Description: Ocean acidification (OA) and organic matter enrichment (due to coastal eutrophication) could act in concert to shift coral reef carbonate sediments from a present state of net calcification to a future state of net dissolution, but no studies have examined the combined effect of these stressors on sediment metabolism and dissolution. This study used 22-hour incubations in flume aquaria with captive sediment communities to measure the combined effect of OA and organic matter (OM) enrichment, on coral reef sediment gross primary productivity (GPP), respiration (R), and net calcification (Gnet). Relative to control sediment communities, both OA ( 1000 µatm) and OM enrichment (+ 40 µmol C/L) significantly decreased rates of sediment Gnet by 98% and 15% mmol CaCO3/m**2/h, respectively , but the mechanism behind this decrease differed. The OA-mediated transition to net dissolution was geochemical, as rates of GPP and R remained unaffected and dissolution was solely enhanced by a decline in the aragonite saturation state (Omega arg) of the overlying water column. In contrast, the OM-mediated decline in Gnet was due to a decline in GPP/R, thereby biologically reducing overlying seawater Ωarg due to the increased respiratory addition of CO2. The decrease in Gnet in response to a combination of both stressors was additive (- 10% relative to OA alone) but this decrease did not significantly differ from the effect of OA alone. In this study OA was the primary driver of future carbonate sediment dissolution, but longer-term experiments with chronic organic matter enrichment are required.

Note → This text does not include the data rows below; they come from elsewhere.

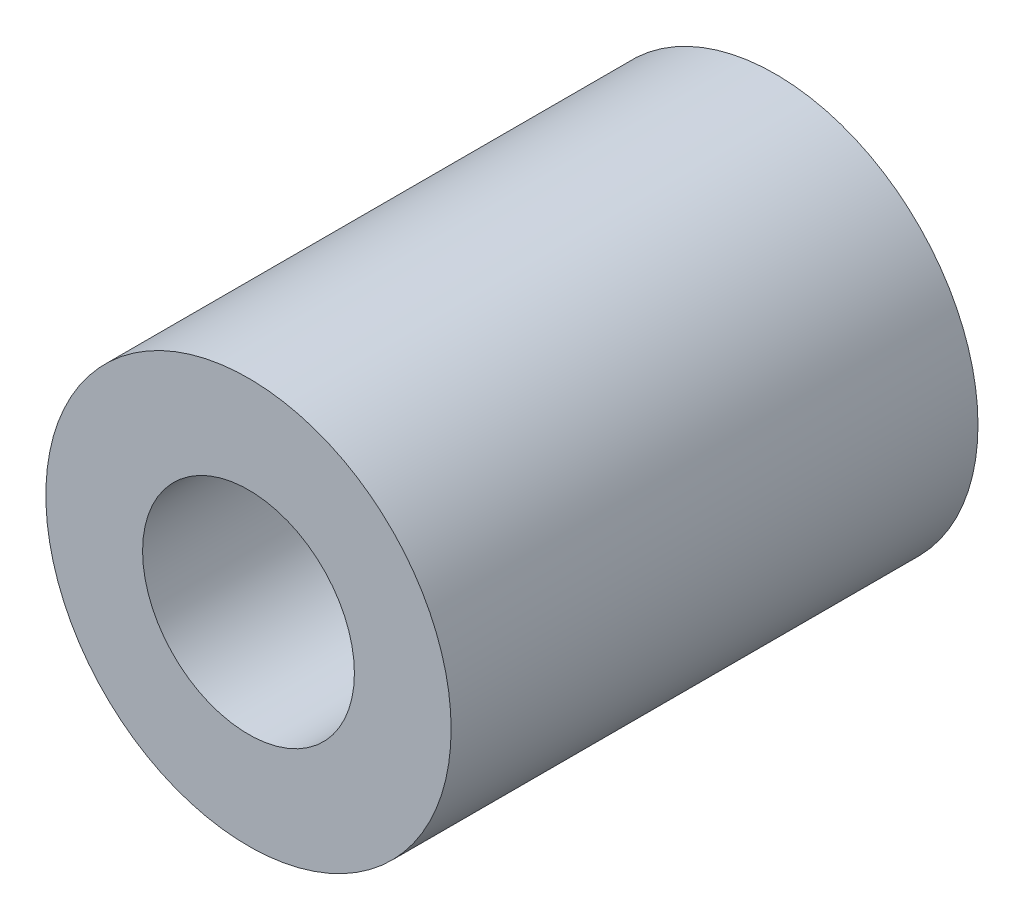
ISO-10303-21;
HEADER;
FILE_DESCRIPTION(('STEP AP214'),'2;1');
FILE_NAME('part.step','',(''),(''),'','','');
FILE_SCHEMA(('AUTOMOTIVE_DESIGN { 1 0 10303 214 1 1 1 1 }'));
ENDSEC;
DATA;
#1=APPLICATION_CONTEXT('core data for automotive mechanical design processes');
#2=APPLICATION_PROTOCOL_DEFINITION('international standard','automotive_design',2000,#1);
#3=PRODUCT_CONTEXT('',#1,'mechanical');
#4=PRODUCT('Part','Part','',(#3));
#5=PRODUCT_RELATED_PRODUCT_CATEGORY('part','',(#4));
#6=PRODUCT_DEFINITION_FORMATION('','',#4);
#7=PRODUCT_DEFINITION_CONTEXT('part definition',#1,'design');
#8=PRODUCT_DEFINITION('design','',#6,#7);
#9=PRODUCT_DEFINITION_SHAPE('','',#8);
#10=(LENGTH_UNIT() NAMED_UNIT(*) SI_UNIT(.MILLI.,.METRE.));
#11=(NAMED_UNIT(*) PLANE_ANGLE_UNIT() SI_UNIT($,.RADIAN.));
#12=(NAMED_UNIT(*) SI_UNIT($,.STERADIAN.) SOLID_ANGLE_UNIT());
#13=UNCERTAINTY_MEASURE_WITH_UNIT(LENGTH_MEASURE(1.E-05),#10,'distance_accuracy_value','');
#14=(GEOMETRIC_REPRESENTATION_CONTEXT(3) GLOBAL_UNCERTAINTY_ASSIGNED_CONTEXT((#13)) GLOBAL_UNIT_ASSIGNED_CONTEXT((#10,
#11,#12)) REPRESENTATION_CONTEXT('',''));
#15=CARTESIAN_POINT('',(0.,0.,0.));
#16=DIRECTION('',(0.,0.,1.));
#17=DIRECTION('',(1.,0.,0.));
#18=AXIS2_PLACEMENT_3D('',#15,#16,#17);
#19=CARTESIAN_POINT('',(0.,0.,6.19125));
#20=DIRECTION('',(0.,0.,1.));
#21=DIRECTION('',(1.,0.,0.));
#22=AXIS2_PLACEMENT_3D('',#19,#20,#21);
#23=PLANE('',#22);
#24=CARTESIAN_POINT('',(0.,0.,6.19125));
#25=DIRECTION('',(0.,0.,1.));
#26=DIRECTION('',(1.,0.,0.));
#27=AXIS2_PLACEMENT_3D('',#24,#25,#26);
#28=CIRCLE('',#27,4.7625);
#29=CARTESIAN_POINT('',(4.7625,0.,6.19125));
#30=VERTEX_POINT('',#29);
#31=EDGE_CURVE('E10',#30,#30,#28,.T.);
#32=ORIENTED_EDGE('',*,*,#31,.T.);
#33=EDGE_LOOP('',(#32));
#34=FACE_BOUND('',#33,.T.);
#35=CARTESIAN_POINT('',(0.,0.,6.19125));
#36=DIRECTION('',(0.,0.,1.));
#37=DIRECTION('',(1.,0.,0.));
#38=AXIS2_PLACEMENT_3D('',#35,#36,#37);
#39=CIRCLE('',#38,2.4892);
#40=CARTESIAN_POINT('',(2.4892,0.,6.19125));
#41=VERTEX_POINT('',#40);
#42=EDGE_CURVE('E50',#41,#41,#39,.T.);
#43=ORIENTED_EDGE('',*,*,#42,.F.);
#44=EDGE_LOOP('',(#43));
#45=FACE_BOUND('',#44,.T.);
#46=ADVANCED_FACE('F39',(#34,#45),#23,.T.);
#47=CARTESIAN_POINT('',(0.,0.,-6.19125));
#48=DIRECTION('',(0.,0.,1.));
#49=DIRECTION('',(1.,0.,0.));
#50=AXIS2_PLACEMENT_3D('',#47,#48,#49);
#51=PLANE('',#50);
#52=CARTESIAN_POINT('',(0.,0.,-6.19125));
#53=DIRECTION('',(0.,0.,1.));
#54=DIRECTION('',(1.,0.,0.));
#55=AXIS2_PLACEMENT_3D('',#52,#53,#54);
#56=CIRCLE('',#55,4.7625);
#57=CARTESIAN_POINT('',(4.7625,0.,-6.19125));
#58=VERTEX_POINT('',#57);
#59=EDGE_CURVE('E43',#58,#58,#56,.T.);
#60=ORIENTED_EDGE('',*,*,#59,.F.);
#61=EDGE_LOOP('',(#60));
#62=FACE_BOUND('',#61,.T.);
#63=CARTESIAN_POINT('',(0.,0.,-6.19125));
#64=DIRECTION('',(0.,0.,1.));
#65=DIRECTION('',(1.,0.,0.));
#66=AXIS2_PLACEMENT_3D('',#63,#64,#65);
#67=CIRCLE('',#66,2.4892);
#68=CARTESIAN_POINT('',(2.4892,0.,-6.19125));
#69=VERTEX_POINT('',#68);
#70=EDGE_CURVE('E52',#69,#69,#67,.T.);
#71=ORIENTED_EDGE('',*,*,#70,.T.);
#72=EDGE_LOOP('',(#71));
#73=FACE_BOUND('',#72,.T.);
#74=ADVANCED_FACE('F62',(#62,#73),#51,.F.);
#75=CARTESIAN_POINT('',(0.,0.,6.19125));
#76=DIRECTION('',(0.,0.,-1.));
#77=DIRECTION('',(-1.,0.,0.));
#78=AXIS2_PLACEMENT_3D('',#75,#76,#77);
#79=CYLINDRICAL_SURFACE('',#78,4.7625);
#80=ORIENTED_EDGE('',*,*,#31,.F.);
#81=EDGE_LOOP('',(#80));
#82=FACE_BOUND('',#81,.T.);
#83=ORIENTED_EDGE('',*,*,#59,.T.);
#84=EDGE_LOOP('',(#83));
#85=FACE_BOUND('',#84,.T.);
#86=ADVANCED_FACE('F41',(#82,#85),#79,.T.);
#87=CARTESIAN_POINT('',(0.,0.,6.19125));
#88=DIRECTION('',(0.,0.,-1.));
#89=DIRECTION('',(-1.,0.,0.));
#90=AXIS2_PLACEMENT_3D('',#87,#88,#89);
#91=CYLINDRICAL_SURFACE('',#90,2.4892);
#92=ORIENTED_EDGE('',*,*,#42,.T.);
#93=EDGE_LOOP('',(#92));
#94=FACE_BOUND('',#93,.T.);
#95=ORIENTED_EDGE('',*,*,#70,.F.);
#96=EDGE_LOOP('',(#95));
#97=FACE_BOUND('',#96,.T.);
#98=ADVANCED_FACE('F58',(#94,#97),#91,.F.);
#99=CLOSED_SHELL('',(#46,#74,#86,#98));
#100=MANIFOLD_SOLID_BREP('B2',#99);
#101=ADVANCED_BREP_SHAPE_REPRESENTATION('',(#18,#100),#14);
#102=SHAPE_DEFINITION_REPRESENTATION(#9,#101);
ENDSEC;
END-ISO-10303-21;

Description: The interaction between current flow and topography (e.g., surface ripples) in shallow, permeable coral reef carbonate sediments establishes pressure gradients that increase the rate of sediment-water solute exchange relative to fluid shear along a flat bottom. It is currently unknown how this effect from surface ripples will modify the rate at which the sediment porewater is exposed to future chemical changes in the overlying water column, such as elevated pCO2 that is causing ocean acidification (OA). To address this question, this study used a series of 22-hour incubations in flume aquaria with permeable calcium carbonate sediment communities and examined the interactive effect of pCO2 (400 and 1000 µatm) and surface topography (flat and rippled sediments) on carbonate sediment metabolism and dissolution. According to dissolved oxygen optode image analysis, the presence of surface ripples increased the oxygenated area below the sediment surface by 295% relative to flat sediments. This was reflected in the sediment-to-water column fluxes of dissolved oxygen, where rippled sediments exhibited rates of respiration (R) and gross primary production (GPP) that were ~ 45% and ~ 50% higher, respectively, than flat sediments. An increase in pCO2 shifted the sediments in the flat flumes from net calcifying (Gnet 〉 0) to net dissolving (Gnet 〈 0), an effect that was amplified an additional ~ 60% in rippled sediments. These results suggest that current estimates of coral reef carbonate sediment Gnet may be underestimating the dissolution response to OA where the carbonate sediment environment exhibits ripples in the topography.